Get to the hotel and head to my room and then have all of the various over-charged-handling-fee-inducing packages sent to my room and start un-packing. The bellhop comes up with the boxes and the tin that I ordered. Wow, 4 by 4 foot sheets of metal are big when you actually see it. We try to move it and it’s heavy, but manageable. I tell him to take it back down and I get it on my next trip to the trade show.

Now having read various past postings about the unique labour situation in the Las Vegas Convention Center, I though the same general rules would apply at the Pool tent. So I plan to make a few trips (I’m worried about people seeing the large sheets of metal). Managed to fit a lot of stuff into my large suitcase and hockey bag.

Outside of the lobby is a convenient taxi stand and a guy there who blows a whistle wiggles his fingers at the next cab (from a long line of cabs) and it moves forward about 40 feet to the front of the line. He then asks you where you are going and relays this information to the cabbie. For this force of exertion people are tipping him (yes I’m being sarcastic here). I figure he is calling at least two cabs per minute and I see one’s and five’s being passed to him. He’s got to be pulling down between $100-$200 an hour in tips and this is a Sunday night!

The Pool tent is less than 5 miles from the MGM Grand (2.9 miles according to Google Maps) and the taxi ride was almost $20 including the tip! Did a quick survey of the booth and started to unpack and put things in their places.

Though Pool is in a tent, remember this is Las Vegas. This tent is huge! It holds 500 exhibitors, is about 70 to 100 feet high at the tallest point. At the far end is a DJ platform a circle of about a dozen computers and open space. The tent is nicely air-conditioned.

When back outside to the Pool parking lot to find a cab. No luck. Went across the street to the Hilton (or Marriot, I forgot) to get a cab. The guy in the red jacket blew his whistle and the next cab (an airport type limo, not stretch, but a larger luxury car). Told the red coat dude that I was going to the MGM Grand and the cabbie said that it would be $30! I said no thanks and that I would take another cab. He came down to $25 and I countered with $20 and we had a deal. The red coat dude gives the now familiar looking for a tip look so I gave him a dollar.

On the way back to the hotel, the cabbie asks me if I wanted and dinner or club recommendations and he gives me a few passes to a club in one of the hotels. I remember reading (before I came down) that many of the cabbies, bellhops and just about anyone else gets a kick back or referral fee for the people that go to those clubs/restaurants. What a way to make a few extra bucks!

Back to the hotel and stuff the rest of my material into the two bags and phone down to the front desk to have the metal waiting outside.
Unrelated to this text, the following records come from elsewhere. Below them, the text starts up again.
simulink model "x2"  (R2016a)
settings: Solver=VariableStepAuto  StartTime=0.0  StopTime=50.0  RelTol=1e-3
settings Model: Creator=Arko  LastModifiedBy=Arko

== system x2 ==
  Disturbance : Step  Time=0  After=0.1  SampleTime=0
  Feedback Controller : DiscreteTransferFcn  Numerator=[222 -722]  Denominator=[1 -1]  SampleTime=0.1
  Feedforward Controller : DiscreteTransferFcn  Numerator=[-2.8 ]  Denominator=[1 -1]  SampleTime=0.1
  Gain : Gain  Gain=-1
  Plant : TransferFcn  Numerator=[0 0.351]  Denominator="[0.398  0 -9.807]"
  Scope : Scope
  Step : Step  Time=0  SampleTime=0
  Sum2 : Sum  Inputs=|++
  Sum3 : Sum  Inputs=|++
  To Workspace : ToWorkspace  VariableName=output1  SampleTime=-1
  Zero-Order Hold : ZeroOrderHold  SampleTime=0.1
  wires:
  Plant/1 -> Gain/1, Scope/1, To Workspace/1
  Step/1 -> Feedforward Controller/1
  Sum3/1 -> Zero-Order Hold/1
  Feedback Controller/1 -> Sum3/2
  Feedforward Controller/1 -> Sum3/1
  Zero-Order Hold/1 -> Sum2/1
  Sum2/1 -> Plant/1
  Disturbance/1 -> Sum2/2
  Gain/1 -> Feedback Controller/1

Get outside and the cab line is about 20+ people deep. The bellhop moves around front, talks to the whistling dude and I immediately get a cab. I help with the metal and I happily give him a tip (not the whistle guy).

Got to Pool, told the cabbie I’d tip him extra if he helps me with the metal sheets. I figure that they weigh about 50lbs each (16 gauge steel is 1/16th of an inch thick) and we carry them in the blazing heat to the booth. I have to get back to the hotel to meet the models for 19:00 and get him to take me back. Give another tip (seeing a theme here??).

The models show up on time and all try on their jeans. I’m pleased that they all fit (I’m worried that they wouldn’t fit and I’d have difficulty finding a tailor less than 24 hours before 7-8 fashion tradeshows were starting). Give them I quick pep talk and tell them to be there at 8:30 am tomorrow (show starts at 9am). Kick them out of the room at 19:30 as I need to get back to Pool asap to finish the setup.

Get outside and the taxi line is even longer. I figure a 15-20 minute wait. I didn’t want to wait so I did what most anyone else would. Went to hail a cab. There are *lots* of cabs in Las Vegas (second to New York I find out later) so I didn’t think it would be a difficult task. Walking out in front of the hotel I see many cabs going by, but it’s difficult to see if anyone is in them as its getting dark. I wave my hands as each one approaches. No luck. I finally get to the corner and still no luck. The light turns red and I see a cab stopped at the light. I approach the cab, tap on the window and ask if she is available. She me a blank stare and asks me if there are any cops around. I return the facial expression with a quizzical look, peer side-to-side and see no police and tell her. She says to get in.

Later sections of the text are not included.